Do You Want A Cookie?
Bearded Ladies Cabaret
September 15 at 7:30pm
Runtime TBA
$10 – $35
448 North 10th StreetMap
“This is going to be some radical shit.” John Jarboe
“Jarboe has made provocation his calling card with an always daringly incendiary brand of queer cabaret whose caginess reaches into everything he does.” Philadelphia Weekly
Philadelphia’s Bearded Ladies Cabaret has some treats for you. Do You Want A Cookie? transforms an old factory to concoct the perfect cabaret confections to satisfy your cravings. Part Great Cabaret Bake-Off, part irreverent romp through cabaret history, the show is at once subversive, joyous, provocative, and communal.
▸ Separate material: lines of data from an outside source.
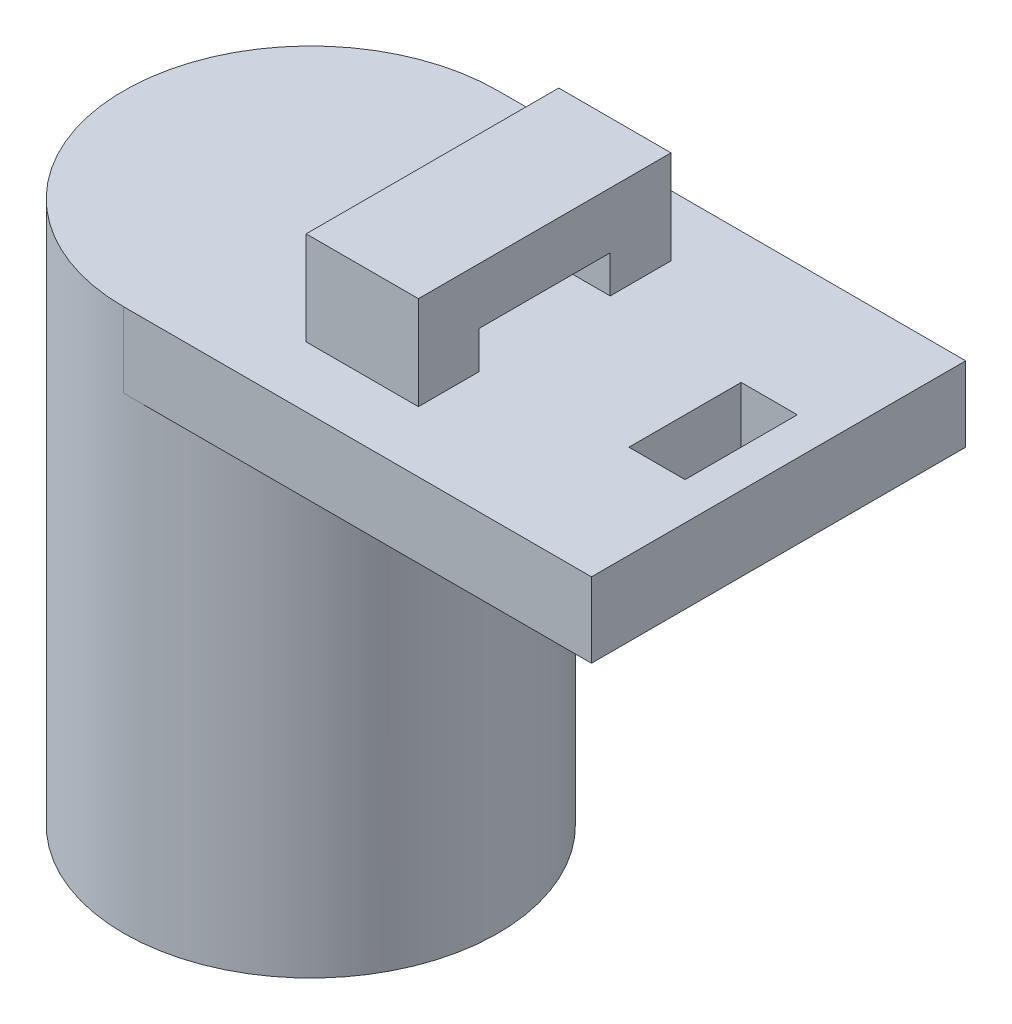
ISO-10303-21;
HEADER;
FILE_DESCRIPTION(('STEP AP214'),'2;1');
FILE_NAME('part.step','',(''),(''),'','','');
FILE_SCHEMA(('AUTOMOTIVE_DESIGN { 1 0 10303 214 1 1 1 1 }'));
ENDSEC;
DATA;
#1=APPLICATION_CONTEXT('core data for automotive mechanical design processes');
#2=APPLICATION_PROTOCOL_DEFINITION('international standard','automotive_design',2000,#1);
#3=PRODUCT_CONTEXT('',#1,'mechanical');
#4=PRODUCT('Part','Part','',(#3));
#5=PRODUCT_RELATED_PRODUCT_CATEGORY('part','',(#4));
#6=PRODUCT_DEFINITION_FORMATION('','',#4);
#7=PRODUCT_DEFINITION_CONTEXT('part definition',#1,'design');
#8=PRODUCT_DEFINITION('design','',#6,#7);
#9=PRODUCT_DEFINITION_SHAPE('','',#8);
#10=(LENGTH_UNIT() NAMED_UNIT(*) SI_UNIT(.MILLI.,.METRE.));
#11=(NAMED_UNIT(*) PLANE_ANGLE_UNIT() SI_UNIT($,.RADIAN.));
#12=(NAMED_UNIT(*) SI_UNIT($,.STERADIAN.) SOLID_ANGLE_UNIT());
#13=UNCERTAINTY_MEASURE_WITH_UNIT(LENGTH_MEASURE(1.E-05),#10,'distance_accuracy_value','');
#14=(GEOMETRIC_REPRESENTATION_CONTEXT(3) GLOBAL_UNCERTAINTY_ASSIGNED_CONTEXT((#13)) GLOBAL_UNIT_ASSIGNED_CONTEXT((#10,
#11,#12)) REPRESENTATION_CONTEXT('',''));
#15=CARTESIAN_POINT('',(0.,0.,0.));
#16=DIRECTION('',(0.,0.,1.));
#17=DIRECTION('',(1.,0.,0.));
#18=AXIS2_PLACEMENT_3D('',#15,#16,#17);
#19=CARTESIAN_POINT('',(0.,29.,0.));
#20=DIRECTION('',(0.,1.,0.));
#21=DIRECTION('',(0.,0.,1.));
#22=AXIS2_PLACEMENT_3D('',#19,#20,#21);
#23=PLANE('',#22);
#24=DIRECTION('',(0.,0.,1.));
#25=VECTOR('',#24,1.);
#26=CARTESIAN_POINT('',(20.,29.,3.));
#27=LINE('',#26,#25);
#28=CARTESIAN_POINT('',(20.,29.,-3.));
#29=VERTEX_POINT('',#28);
#30=CARTESIAN_POINT('',(20.,29.,3.));
#31=VERTEX_POINT('',#30);
#32=EDGE_CURVE('E47',#29,#31,#27,.T.);
#33=ORIENTED_EDGE('',*,*,#32,.F.);
#34=DIRECTION('',(-1.,0.,0.));
#35=VECTOR('',#34,1.);
#36=CARTESIAN_POINT('',(20.,29.,-3.));
#37=LINE('',#36,#35);
#38=CARTESIAN_POINT('',(23.,29.,-3.));
#39=VERTEX_POINT('',#38);
#40=EDGE_CURVE('E163',#39,#29,#37,.T.);
#41=ORIENTED_EDGE('',*,*,#40,.F.);
#42=DIRECTION('',(0.,0.,-1.));
#43=VECTOR('',#42,1.);
#44=CARTESIAN_POINT('',(23.,29.,3.));
#45=LINE('',#44,#43);
#46=CARTESIAN_POINT('',(23.,29.,3.));
#47=VERTEX_POINT('',#46);
#48=EDGE_CURVE('E148',#47,#39,#45,.T.);
#49=ORIENTED_EDGE('',*,*,#48,.F.);
#50=DIRECTION('',(1.,0.,0.));
#51=VECTOR('',#50,1.);
#52=CARTESIAN_POINT('',(20.,29.,3.));
#53=LINE('',#52,#51);
#54=EDGE_CURVE('E157',#31,#47,#53,.T.);
#55=ORIENTED_EDGE('',*,*,#54,.F.);
#56=EDGE_LOOP('',(#33,#41,#49,#55));
#57=FACE_BOUND('',#56,.T.);
#58=DIRECTION('',(0.,0.,1.));
#59=VECTOR('',#58,1.);
#60=CARTESIAN_POINT('',(6.5,29.,-6.75));
#61=LINE('',#60,#59);
#62=CARTESIAN_POINT('',(6.5,29.,3.5));
#63=VERTEX_POINT('',#62);
#64=CARTESIAN_POINT('',(6.5,29.,6.75));
#65=VERTEX_POINT('',#64);
#66=EDGE_CURVE('E198',#63,#65,#61,.T.);
#67=ORIENTED_EDGE('',*,*,#66,.F.);
#68=DIRECTION('',(1.,0.,0.));
#69=VECTOR('',#68,1.);
#70=CARTESIAN_POINT('',(0.499999999999999,29.,3.5));
#71=LINE('',#70,#69);
#72=CARTESIAN_POINT('',(12.5,29.,3.5));
#73=VERTEX_POINT('',#72);
#74=EDGE_CURVE('E180',#63,#73,#71,.T.);
#75=ORIENTED_EDGE('',*,*,#74,.T.);
#76=DIRECTION('',(0.,0.,-1.));
#77=VECTOR('',#76,1.);
#78=CARTESIAN_POINT('',(12.5,29.,-6.75));
#79=LINE('',#78,#77);
#80=CARTESIAN_POINT('',(12.5,29.,6.75));
#81=VERTEX_POINT('',#80);
#82=EDGE_CURVE('E216',#81,#73,#79,.T.);
#83=ORIENTED_EDGE('',*,*,#82,.F.);
#84=DIRECTION('',(1.,0.,0.));
#85=VECTOR('',#84,1.);
#86=CARTESIAN_POINT('',(6.5,29.,6.75));
#87=LINE('',#86,#85);
#88=EDGE_CURVE('E213',#65,#81,#87,.T.);
#89=ORIENTED_EDGE('',*,*,#88,.F.);
#90=EDGE_LOOP('',(#67,#75,#83,#89));
#91=FACE_BOUND('',#90,.T.);
#92=DIRECTION('',(1.,0.,0.));
#93=VECTOR('',#92,1.);
#94=CARTESIAN_POINT('',(0.499999999999999,29.,-3.5));
#95=LINE('',#94,#93);
#96=CARTESIAN_POINT('',(6.5,29.,-3.5));
#97=VERTEX_POINT('',#96);
#98=CARTESIAN_POINT('',(12.5,29.,-3.5));
#99=VERTEX_POINT('',#98);
#100=EDGE_CURVE('E186',#97,#99,#95,.T.);
#101=ORIENTED_EDGE('',*,*,#100,.F.);
#102=CARTESIAN_POINT('',(6.5,29.,-6.75));
#103=VERTEX_POINT('',#102);
#104=EDGE_CURVE('E210',#103,#97,#61,.T.);
#105=ORIENTED_EDGE('',*,*,#104,.F.);
#106=DIRECTION('',(-1.,0.,0.));
#107=VECTOR('',#106,1.);
#108=CARTESIAN_POINT('',(6.5,29.,-6.75));
#109=LINE('',#108,#107);
#110=CARTESIAN_POINT('',(12.5,29.,-6.75));
#111=VERTEX_POINT('',#110);
#112=EDGE_CURVE('E203',#111,#103,#109,.T.);
#113=ORIENTED_EDGE('',*,*,#112,.F.);
#114=EDGE_CURVE('E215',#99,#111,#79,.T.);
#115=ORIENTED_EDGE('',*,*,#114,.F.);
#116=EDGE_LOOP('',(#101,#105,#113,#115));
#117=FACE_BOUND('',#116,.T.);
#118=CARTESIAN_POINT('',(0.,29.,0.));
#119=DIRECTION('',(0.,1.,0.));
#120=DIRECTION('',(0.,0.,1.));
#121=AXIS2_PLACEMENT_3D('',#118,#119,#120);
#122=CIRCLE('',#121,10.);
#123=CARTESIAN_POINT('',(0.,29.,-10.));
#124=VERTEX_POINT('',#123);
#125=CARTESIAN_POINT('',(0.,29.,10.));
#126=VERTEX_POINT('',#125);
#127=EDGE_CURVE('E232',#124,#126,#122,.T.);
#128=ORIENTED_EDGE('',*,*,#127,.T.);
#129=DIRECTION('',(1.,0.,0.));
#130=VECTOR('',#129,1.);
#131=CARTESIAN_POINT('',(0.,29.,10.));
#132=LINE('',#131,#130);
#133=CARTESIAN_POINT('',(25.,29.,10.));
#134=VERTEX_POINT('',#133);
#135=EDGE_CURVE('E235',#126,#134,#132,.T.);
#136=ORIENTED_EDGE('',*,*,#135,.T.);
#137=DIRECTION('',(0.,0.,-1.));
#138=VECTOR('',#137,1.);
#139=CARTESIAN_POINT('',(25.,29.,-10.));
#140=LINE('',#139,#138);
#141=CARTESIAN_POINT('',(25.,29.,-10.));
#142=VERTEX_POINT('',#141);
#143=EDGE_CURVE('E238',#134,#142,#140,.T.);
#144=ORIENTED_EDGE('',*,*,#143,.T.);
#145=DIRECTION('',(-1.,0.,0.));
#146=VECTOR('',#145,1.);
#147=CARTESIAN_POINT('',(0.,29.,-10.));
#148=LINE('',#147,#146);
#149=EDGE_CURVE('E240',#142,#124,#148,.T.);
#150=ORIENTED_EDGE('',*,*,#149,.T.);
#151=EDGE_LOOP('',(#128,#136,#144,#150));
#152=FACE_BOUND('',#151,.T.);
#153=ADVANCED_FACE('F32',(#57,#91,#117,#152),#23,.T.);
#154=CARTESIAN_POINT('',(0.,0.,0.));
#155=DIRECTION('',(0.,1.,0.));
#156=DIRECTION('',(0.,0.,1.));
#157=AXIS2_PLACEMENT_3D('',#154,#155,#156);
#158=PLANE('',#157);
#159=CARTESIAN_POINT('',(0.,0.,0.));
#160=DIRECTION('',(0.,1.,0.));
#161=DIRECTION('',(0.,0.,1.));
#162=AXIS2_PLACEMENT_3D('',#159,#160,#161);
#163=CIRCLE('',#162,10.);
#164=CARTESIAN_POINT('',(0.,0.,10.));
#165=VERTEX_POINT('',#164);
#166=EDGE_CURVE('E265',#165,#165,#163,.T.);
#167=ORIENTED_EDGE('',*,*,#166,.F.);
#168=EDGE_LOOP('',(#167));
#169=FACE_BOUND('',#168,.T.);
#170=CARTESIAN_POINT('',(0.,0.,0.));
#171=DIRECTION('',(0.,1.,0.));
#172=DIRECTION('',(0.,0.,1.));
#173=AXIS2_PLACEMENT_3D('',#170,#171,#172);
#174=CIRCLE('',#173,6.5);
#175=CARTESIAN_POINT('',(0.,0.,6.5));
#176=VERTEX_POINT('',#175);
#177=EDGE_CURVE('E262',#176,#176,#174,.T.);
#178=ORIENTED_EDGE('',*,*,#177,.T.);
#179=EDGE_LOOP('',(#178));
#180=FACE_BOUND('',#179,.T.);
#181=ADVANCED_FACE('F294',(#169,#180),#158,.F.);
#182=CARTESIAN_POINT('',(0.,25.,0.));
#183=DIRECTION('',(0.,-1.,0.));
#184=DIRECTION('',(0.,0.,-1.));
#185=AXIS2_PLACEMENT_3D('',#182,#183,#184);
#186=CYLINDRICAL_SURFACE('',#185,10.);
#187=CARTESIAN_POINT('',(0.,25.,0.));
#188=DIRECTION('',(0.,1.,0.));
#189=DIRECTION('',(0.,0.,1.));
#190=AXIS2_PLACEMENT_3D('',#187,#188,#189);
#191=CIRCLE('',#190,10.);
#192=CARTESIAN_POINT('',(0.,25.,10.));
#193=VERTEX_POINT('',#192);
#194=CARTESIAN_POINT('',(0.,25.,-10.));
#195=VERTEX_POINT('',#194);
#196=EDGE_CURVE('E266',#193,#195,#191,.T.);
#197=ORIENTED_EDGE('',*,*,#196,.F.);
#198=DIRECTION('',(0.,-1.,0.));
#199=VECTOR('',#198,1.);
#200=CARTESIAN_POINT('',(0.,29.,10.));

An international cast of cabaret artists perform across two levels of a cavernous space refitted as a seductive nightclub, presenting a live history of cabaret from Le Chat Noir to Weimar nightlife to 21st-century drag.
Do You Want A Cookie? sees the live culmination of a multi-year study by John Jarboe and Sally Ollove of cabaret’s history and evolution — research you can see in The Bearded Ladies’ Digital Fringe offering, The Poison Cookie Jar. After select performances of Do You Want A Cookie? individual artists present extended cabaret acts as Late Night Snacks. Tickets are available for both Do You Want A Cookie? and Late Night Snacks. If you would like to attend the cabaret following Do You Want A Cookie?, make sure to purchase the joint ticket. Only a limited number of joint tickets are available.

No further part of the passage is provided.